> [REQUIRED ACTION]:
Only the lines from the beginning of the entries through the one with "#1=APPLICATION_CONTEXT('core data for" should be written out, please, exactly and without any pictures.
--- DATASET RECORDS ---
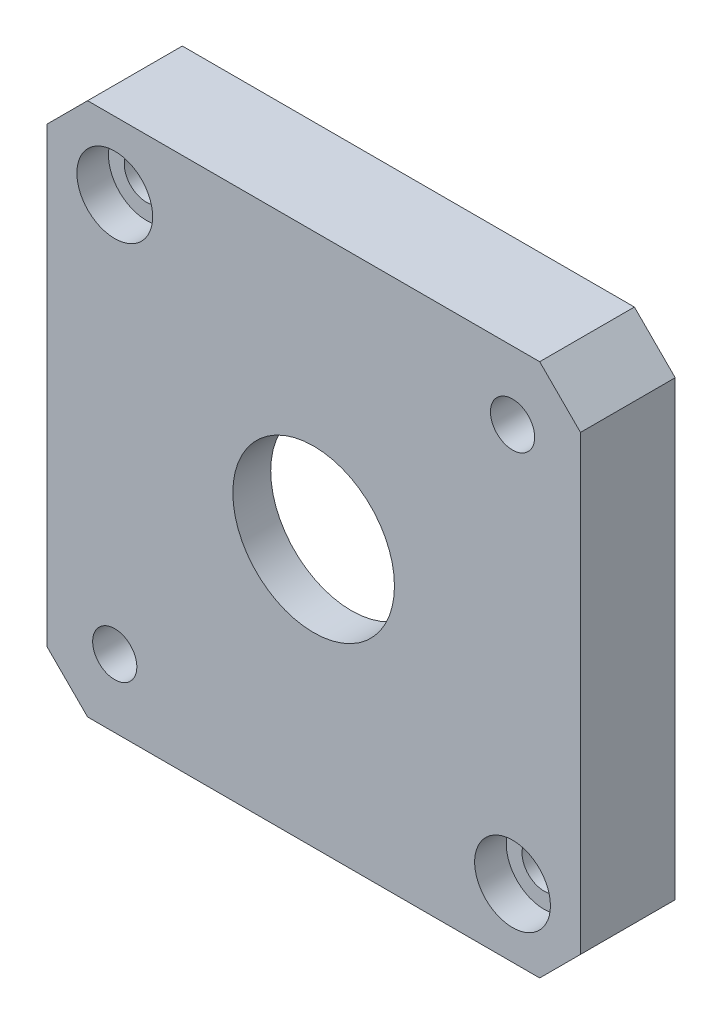
ISO-10303-21;
HEADER;
FILE_DESCRIPTION(('STEP AP214'),'2;1');
FILE_NAME('part.step','',(''),(''),'','','');
FILE_SCHEMA(('AUTOMOTIVE_DESIGN { 1 0 10303 214 1 1 1 1 }'));
ENDSEC;
DATA;
#1=APPLICATION_CONTEXT('core data for automotive mechanical design processes');
#2=APPLICATION_PROTOCOL_DEFINITION('international standard','automotive_design',2000,#1);
#3=PRODUCT_CONTEXT('',#1,'mechanical');
#4=PRODUCT('Part','Part','',(#3));
#5=PRODUCT_RELATED_PRODUCT_CATEGORY('part','',(#4));
#6=PRODUCT_DEFINITION_FORMATION('','',#4);
#7=PRODUCT_DEFINITION_CONTEXT('part definition',#1,'design');
#8=PRODUCT_DEFINITION('design','',#6,#7);
#9=PRODUCT_DEFINITION_SHAPE('','',#8);
#10=(LENGTH_UNIT() NAMED_UNIT(*) SI_UNIT(.MILLI.,.METRE.));
#11=(NAMED_UNIT(*) PLANE_ANGLE_UNIT() SI_UNIT($,.RADIAN.));
#12=(NAMED_UNIT(*) SI_UNIT($,.STERADIAN.) SOLID_ANGLE_UNIT());
#13=UNCERTAINTY_MEASURE_WITH_UNIT(LENGTH_MEASURE(1.E-05),#10,'distance_accuracy_value','');
#14=(GEOMETRIC_REPRESENTATION_CONTEXT(3) GLOBAL_UNCERTAINTY_ASSIGNED_CONTEXT((#13)) GLOBAL_UNIT_ASSIGNED_CONTEXT((#10,
#11,#12)) REPRESENTATION_CONTEXT('',''));
#15=CARTESIAN_POINT('',(0.,0.,0.));
#16=DIRECTION('',(0.,0.,1.));
#17=DIRECTION('',(1.,0.,0.));
#18=AXIS2_PLACEMENT_3D('',#15,#16,#17);
#19=CARTESIAN_POINT('',(-6.94516928509075,15.4665624778803,4.5));
#20=DIRECTION('',(0.,0.,-1.));
#21=DIRECTION('',(-1.,0.,0.));
#22=AXIS2_PLACEMENT_3D('',#19,#20,#21);
#23=CYLINDRICAL_SURFACE('',#22,1.75);
#24=CARTESIAN_POINT('',(-6.94516928509075,15.4665624778803,0.));
#25=DIRECTION('',(0.,0.,1.));
#26=DIRECTION('',(1.,0.,0.));
#27=AXIS2_PLACEMENT_3D('',#24,#25,#26);
#28=CIRCLE('',#27,1.75);
#29=CARTESIAN_POINT('',(-5.19516928509074,15.4665624778803,0.));
#30=VERTEX_POINT('',#29);
#31=EDGE_CURVE('E155',#30,#30,#28,.T.);
#32=ORIENTED_EDGE('',*,*,#31,.F.);
#33=EDGE_LOOP('',(#32));
#34=FACE_BOUND('',#33,.T.);
#35=CARTESIAN_POINT('',(-6.94516928509075,15.4665624778803,5.));
#36=DIRECTION('',(0.,0.,1.));
#37=DIRECTION('',(1.,0.,0.));
#38=AXIS2_PLACEMENT_3D('',#35,#36,#37);
#39=CIRCLE('',#38,1.75);
#40=CARTESIAN_POINT('',(-5.19516928509074,15.4665624778803,5.));
#41=VERTEX_POINT('',#40);
#42=EDGE_CURVE('E37',#41,#41,#39,.T.);
#43=ORIENTED_EDGE('',*,*,#42,.T.);
#44=EDGE_LOOP('',(#43));
#45=FACE_BOUND('',#44,.T.);
#46=ADVANCED_FACE('F33',(#34,#45),#23,.F.);
#47=CARTESIAN_POINT('',(24.5548307149093,-16.0334375221197,4.5));
#48=DIRECTION('',(0.,0.,-1.));
#49=DIRECTION('',(-1.,0.,0.));
#50=AXIS2_PLACEMENT_3D('',#47,#48,#49);
#51=CYLINDRICAL_SURFACE('',#50,1.74999999999999);
#52=CARTESIAN_POINT('',(24.5548307149093,-16.0334375221197,0.));
#53=DIRECTION('',(0.,0.,1.));
#54=DIRECTION('',(1.,0.,0.));
#55=AXIS2_PLACEMENT_3D('',#52,#53,#54);
#56=CIRCLE('',#55,1.74999999999999);
#57=CARTESIAN_POINT('',(26.3048307149092,-16.0334375221197,0.));
#58=VERTEX_POINT('',#57);
#59=EDGE_CURVE('E149',#58,#58,#56,.T.);
#60=ORIENTED_EDGE('',*,*,#59,.F.);
#61=EDGE_LOOP('',(#60));
#62=FACE_BOUND('',#61,.T.);
#63=CARTESIAN_POINT('',(24.5548307149093,-16.0334375221197,5.));
#64=DIRECTION('',(0.,0.,1.));
#65=DIRECTION('',(1.,0.,0.));
#66=AXIS2_PLACEMENT_3D('',#63,#64,#65);
#67=CIRCLE('',#66,1.74999999999999);
#68=CARTESIAN_POINT('',(26.3048307149092,-16.0334375221197,5.));
#69=VERTEX_POINT('',#68);
#70=EDGE_CURVE('E189',#69,#69,#67,.T.);
#71=ORIENTED_EDGE('',*,*,#70,.T.);
#72=EDGE_LOOP('',(#71));
#73=FACE_BOUND('',#72,.T.);
#74=ADVANCED_FACE('F237',(#62,#73),#51,.F.);
#75=CARTESIAN_POINT('',(0.,0.,0.));
#76=DIRECTION('',(0.,0.,1.));
#77=DIRECTION('',(1.,0.,0.));
#78=AXIS2_PLACEMENT_3D('',#75,#76,#77);
#79=PLANE('',#78);
#80=DIRECTION('',(-0.707106781186548,-0.707106781186548,0.));
#81=VECTOR('',#80,1.);
#82=CARTESIAN_POINT('',(-9.09516928509077,20.8488567993777,0.));
#83=LINE('',#82,#81);
#84=CARTESIAN_POINT('',(-9.09516928509077,20.8488567993777,0.));
#85=VERTEX_POINT('',#84);
#86=CARTESIAN_POINT('',(-12.3274636065882,17.6165624778803,0.));
#87=VERTEX_POINT('',#86);
#88=EDGE_CURVE('E163',#85,#87,#83,.T.);
#89=ORIENTED_EDGE('',*,*,#88,.F.);
#90=DIRECTION('',(-1.,0.,0.));
#91=VECTOR('',#90,1.);
#92=CARTESIAN_POINT('',(26.7048307149092,20.8488567993777,0.));
#93=LINE('',#92,#91);
#94=CARTESIAN_POINT('',(26.7048307149092,20.8488567993777,0.));
#95=VERTEX_POINT('',#94);
#96=EDGE_CURVE('E50',#95,#85,#93,.T.);
#97=ORIENTED_EDGE('',*,*,#96,.F.);
#98=DIRECTION('',(-0.707106781186548,0.707106781186547,0.));
#99=VECTOR('',#98,1.);
#100=CARTESIAN_POINT('',(29.9371250364067,17.6165624778803,0.));
#101=LINE('',#100,#99);
#102=CARTESIAN_POINT('',(29.9371250364067,17.6165624778803,0.));
#103=VERTEX_POINT('',#102);
#104=EDGE_CURVE('E58',#103,#95,#101,.T.);
#105=ORIENTED_EDGE('',*,*,#104,.F.);
#106=DIRECTION('',(0.,1.,0.));
#107=VECTOR('',#106,1.);
#108=CARTESIAN_POINT('',(29.9371250364067,-18.1834375221197,0.));
#109=LINE('',#108,#107);
#110=CARTESIAN_POINT('',(29.9371250364067,-18.1834375221197,0.));
#111=VERTEX_POINT('',#110);
#112=EDGE_CURVE('E173',#111,#103,#109,.T.);
#113=ORIENTED_EDGE('',*,*,#112,.F.);
#114=DIRECTION('',(0.707106781186547,0.707106781186547,0.));
#115=VECTOR('',#114,1.);
#116=CARTESIAN_POINT('',(26.7048307149092,-21.4157318436171,0.));
#117=LINE('',#116,#115);
#118=CARTESIAN_POINT('',(26.7048307149092,-21.4157318436171,0.));
#119=VERTEX_POINT('',#118);
#120=EDGE_CURVE('E171',#119,#111,#117,.T.);
#121=ORIENTED_EDGE('',*,*,#120,.F.);
#122=DIRECTION('',(1.,0.,0.));
#123=VECTOR('',#122,1.);
#124=CARTESIAN_POINT('',(-9.09516928509078,-21.4157318436171,0.));
#125=LINE('',#124,#123);
#126=CARTESIAN_POINT('',(-9.09516928509078,-21.4157318436171,0.));
#127=VERTEX_POINT('',#126);
#128=EDGE_CURVE('E169',#127,#119,#125,.T.);
#129=ORIENTED_EDGE('',*,*,#128,.F.);
#130=DIRECTION('',(0.707106781186547,-0.707106781186547,0.));
#131=VECTOR('',#130,1.);
#132=CARTESIAN_POINT('',(-12.3274636065882,-18.1834375221197,0.));
#133=LINE('',#132,#131);
#134=CARTESIAN_POINT('',(-12.3274636065882,-18.1834375221197,0.));
#135=VERTEX_POINT('',#134);
#136=EDGE_CURVE('E167',#135,#127,#133,.T.);
#137=ORIENTED_EDGE('',*,*,#136,.F.);
#138=DIRECTION('',(0.,-1.,0.));
#139=VECTOR('',#138,1.);
#140=CARTESIAN_POINT('',(-12.3274636065882,17.6165624778803,0.));
#141=LINE('',#140,#139);
#142=EDGE_CURVE('E105',#87,#135,#141,.T.);
#143=ORIENTED_EDGE('',*,*,#142,.F.);
#144=EDGE_LOOP('',(#89,#97,#105,#113,#121,#129,#137,#143));
#145=FACE_BOUND('',#144,.T.);
#146=CARTESIAN_POINT('',(8.80483071490925,-0.283437522119711,0.));
#147=DIRECTION('',(0.,0.,1.));
#148=DIRECTION('',(1.,0.,0.));
#149=AXIS2_PLACEMENT_3D('',#146,#147,#148);
#150=CIRCLE('',#149,18.5);
#151=CARTESIAN_POINT('',(27.3048307149093,-0.283437522119711,0.));
#152=VERTEX_POINT('',#151);
#153=EDGE_CURVE('E158',#152,#152,#150,.T.);
#154=ORIENTED_EDGE('',*,*,#153,.T.);
#155=EDGE_LOOP('',(#154));
#156=FACE_BOUND('',#155,.T.);
#157=ORIENTED_EDGE('',*,*,#31,.T.);
#158=EDGE_LOOP('',(#157));
#159=FACE_BOUND('',#158,.T.);
#160=CARTESIAN_POINT('',(-6.94516928509075,-16.0334375221197,0.));
#161=DIRECTION('',(0.,0.,1.));
#162=DIRECTION('',(1.,0.,0.));
#163=AXIS2_PLACEMENT_3D('',#160,#161,#162);
#164=CIRCLE('',#163,1.75);
#165=CARTESIAN_POINT('',(-5.19516928509074,-16.0334375221197,0.));
#166=VERTEX_POINT('',#165);
#167=EDGE_CURVE('E152',#166,#166,#164,.T.);
#168=ORIENTED_EDGE('',*,*,#167,.T.);
#169=EDGE_LOOP('',(#168));
#170=FACE_BOUND('',#169,.T.);
#171=ORIENTED_EDGE('',*,*,#59,.T.);
#172=EDGE_LOOP('',(#171));
#173=FACE_BOUND('',#172,.T.);
#174=CARTESIAN_POINT('',(24.5548307149093,15.4665624778803,0.));
#175=DIRECTION('',(0.,0.,1.));
#176=DIRECTION('',(1.,0.,0.));
#177=AXIS2_PLACEMENT_3D('',#174,#175,#176);
#178=CIRCLE('',#177,1.75000000000075);
#179=CARTESIAN_POINT('',(26.30483071491,15.4665624778803,0.));
#180=VERTEX_POINT('',#179);
#181=EDGE_CURVE('E146',#180,#180,#178,.T.);
#182=ORIENTED_EDGE('',*,*,#181,.T.);
#183=EDGE_LOOP('',(#182));
#184=FACE_BOUND('',#183,.T.);
#185=ADVANCED_FACE('F243',(#145,#156,#159,#170,#173,#184),#79,.F.);
#186=CARTESIAN_POINT('',(-9.09516928509077,20.8488567993777,4.5));
#187=DIRECTION('',(0.707106781186548,-0.707106781186548,0.));
#188=DIRECTION('',(0.707106781186548,0.707106781186548,0.));
#189=AXIS2_PLACEMENT_3D('',#186,#187,#188);
#190=PLANE('',#189);
#191=ORIENTED_EDGE('',*,*,#88,.T.);
#192=DIRECTION('',(0.,0.,-1.));
#193=VECTOR('',#192,1.);
#194=CARTESIAN_POINT('',(-12.3274636065882,17.6165624778803,4.5));
#195=LINE('',#194,#193);
#196=CARTESIAN_POINT('',(-12.3274636065882,17.6165624778803,7.5));
#197=VERTEX_POINT('',#196);
#198=EDGE_CURVE('E11',#197,#87,#195,.T.);
#199=ORIENTED_EDGE('',*,*,#198,.F.);
#200=DIRECTION('',(-0.707106781186548,-0.707106781186548,0.));
#201=VECTOR('',#200,1.);
#202=CARTESIAN_POINT('',(-12.3274636065882,17.6165624778803,7.5));
#203=LINE('',#202,#201);
#204=CARTESIAN_POINT('',(-9.09516928509077,20.8488567993777,7.5));
#205=VERTEX_POINT('',#204);
#206=EDGE_CURVE('E124',#205,#197,#203,.T.);
#207=ORIENTED_EDGE('',*,*,#206,.F.);
#208=DIRECTION('',(0.,0.,-1.));
#209=VECTOR('',#208,1.);
#210=CARTESIAN_POINT('',(-9.09516928509077,20.8488567993777,4.5));
#211=LINE('',#210,#209);
#212=EDGE_CURVE('E177',#205,#85,#211,.T.);
#213=ORIENTED_EDGE('',*,*,#212,.T.);
#214=EDGE_LOOP('',(#191,#199,#207,#213));
#215=FACE_BOUND('',#214,.T.);
#216=ADVANCED_FACE('F35',(#215),#190,.F.);
#217=CARTESIAN_POINT('',(-12.3274636065882,17.6165624778803,4.5));
#218=DIRECTION('',(1.,0.,0.));
#219=DIRECTION('',(0.,0.,-1.));
#220=AXIS2_PLACEMENT_3D('',#217,#218,#219);
#221=PLANE('',#220);
#222=ORIENTED_EDGE('',*,*,#142,.T.);
#223=DIRECTION('',(0.,0.,-1.));
#224=VECTOR('',#223,1.);
#225=CARTESIAN_POINT('',(-12.3274636065882,-18.1834375221197,4.5));
#226=LINE('',#225,#224);
#227=CARTESIAN_POINT('',(-12.3274636065882,-18.1834375221197,7.5));
#228=VERTEX_POINT('',#227);
#229=EDGE_CURVE('E42',#228,#135,#226,.T.);
#230=ORIENTED_EDGE('',*,*,#229,.F.);
#231=DIRECTION('',(0.,-1.,0.));
#232=VECTOR('',#231,1.);
#233=CARTESIAN_POINT('',(-12.3274636065882,-18.1834375221197,7.5));
#234=LINE('',#233,#232);
#235=EDGE_CURVE('E104',#197,#228,#234,.T.);
#236=ORIENTED_EDGE('',*,*,#235,.F.);
#237=ORIENTED_EDGE('',*,*,#198,.T.);
#238=EDGE_LOOP('',(#222,#230,#236,#237));
#239=FACE_BOUND('',#238,.T.);
#240=ADVANCED_FACE('F102',(#239),#221,.F.);
#241=CARTESIAN_POINT('',(-12.3274636065882,-18.1834375221197,4.5));
#242=DIRECTION('',(0.707106781186547,0.707106781186547,0.));
#243=DIRECTION('',(-0.707106781186548,0.707106781186548,0.));
#244=AXIS2_PLACEMENT_3D('',#241,#242,#243);
#245=PLANE('',#244);
#246=ORIENTED_EDGE('',*,*,#136,.T.);
#247=DIRECTION('',(0.,0.,-1.));
#248=VECTOR('',#247,1.);
#249=CARTESIAN_POINT('',(-9.09516928509078,-21.4157318436171,4.5));
#250=LINE('',#249,#248);
#251=CARTESIAN_POINT('',(-9.09516928509078,-21.4157318436171,7.5));
#252=VERTEX_POINT('',#251);
#253=EDGE_CURVE('E108',#252,#127,#250,.T.);
#254=ORIENTED_EDGE('',*,*,#253,.F.);
#255=DIRECTION('',(0.707106781186547,-0.707106781186547,0.));
#256=VECTOR('',#255,1.);
#257=CARTESIAN_POINT('',(-9.09516928509078,-21.4157318436171,7.5));
#258=LINE('',#257,#256);
#259=EDGE_CURVE('E111',#228,#252,#258,.T.);
#260=ORIENTED_EDGE('',*,*,#259,.F.);
#261=ORIENTED_EDGE('',*,*,#229,.T.);
#262=EDGE_LOOP('',(#246,#254,#260,#261));
#263=FACE_BOUND('',#262,.T.);
#264=ADVANCED_FACE('F112',(#263),#245,.F.);
#265=CARTESIAN_POINT('',(-9.09516928509078,-21.4157318436171,4.5));
#266=DIRECTION('',(0.,1.,0.));
#267=DIRECTION('',(0.,0.,1.));
#268=AXIS2_PLACEMENT_3D('',#265,#266,#267);
#269=PLANE('',#268);
#270=ORIENTED_EDGE('',*,*,#128,.T.);
#271=DIRECTION('',(0.,0.,-1.));
#272=VECTOR('',#271,1.);
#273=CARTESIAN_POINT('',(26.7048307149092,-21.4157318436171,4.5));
---
> [ANSWER SECTION]:
ISO-10303-21;
HEADER;
FILE_DESCRIPTION(('STEP AP214'),'2;1');
FILE_NAME('part.step','',(''),(''),'','','');
FILE_SCHEMA(('AUTOMOTIVE_DESIGN { 1 0 10303 214 1 1 1 1 }'));
ENDSEC;
DATA;
#1=APPLICATION_CONTEXT('core data for automotive mechanical design processes');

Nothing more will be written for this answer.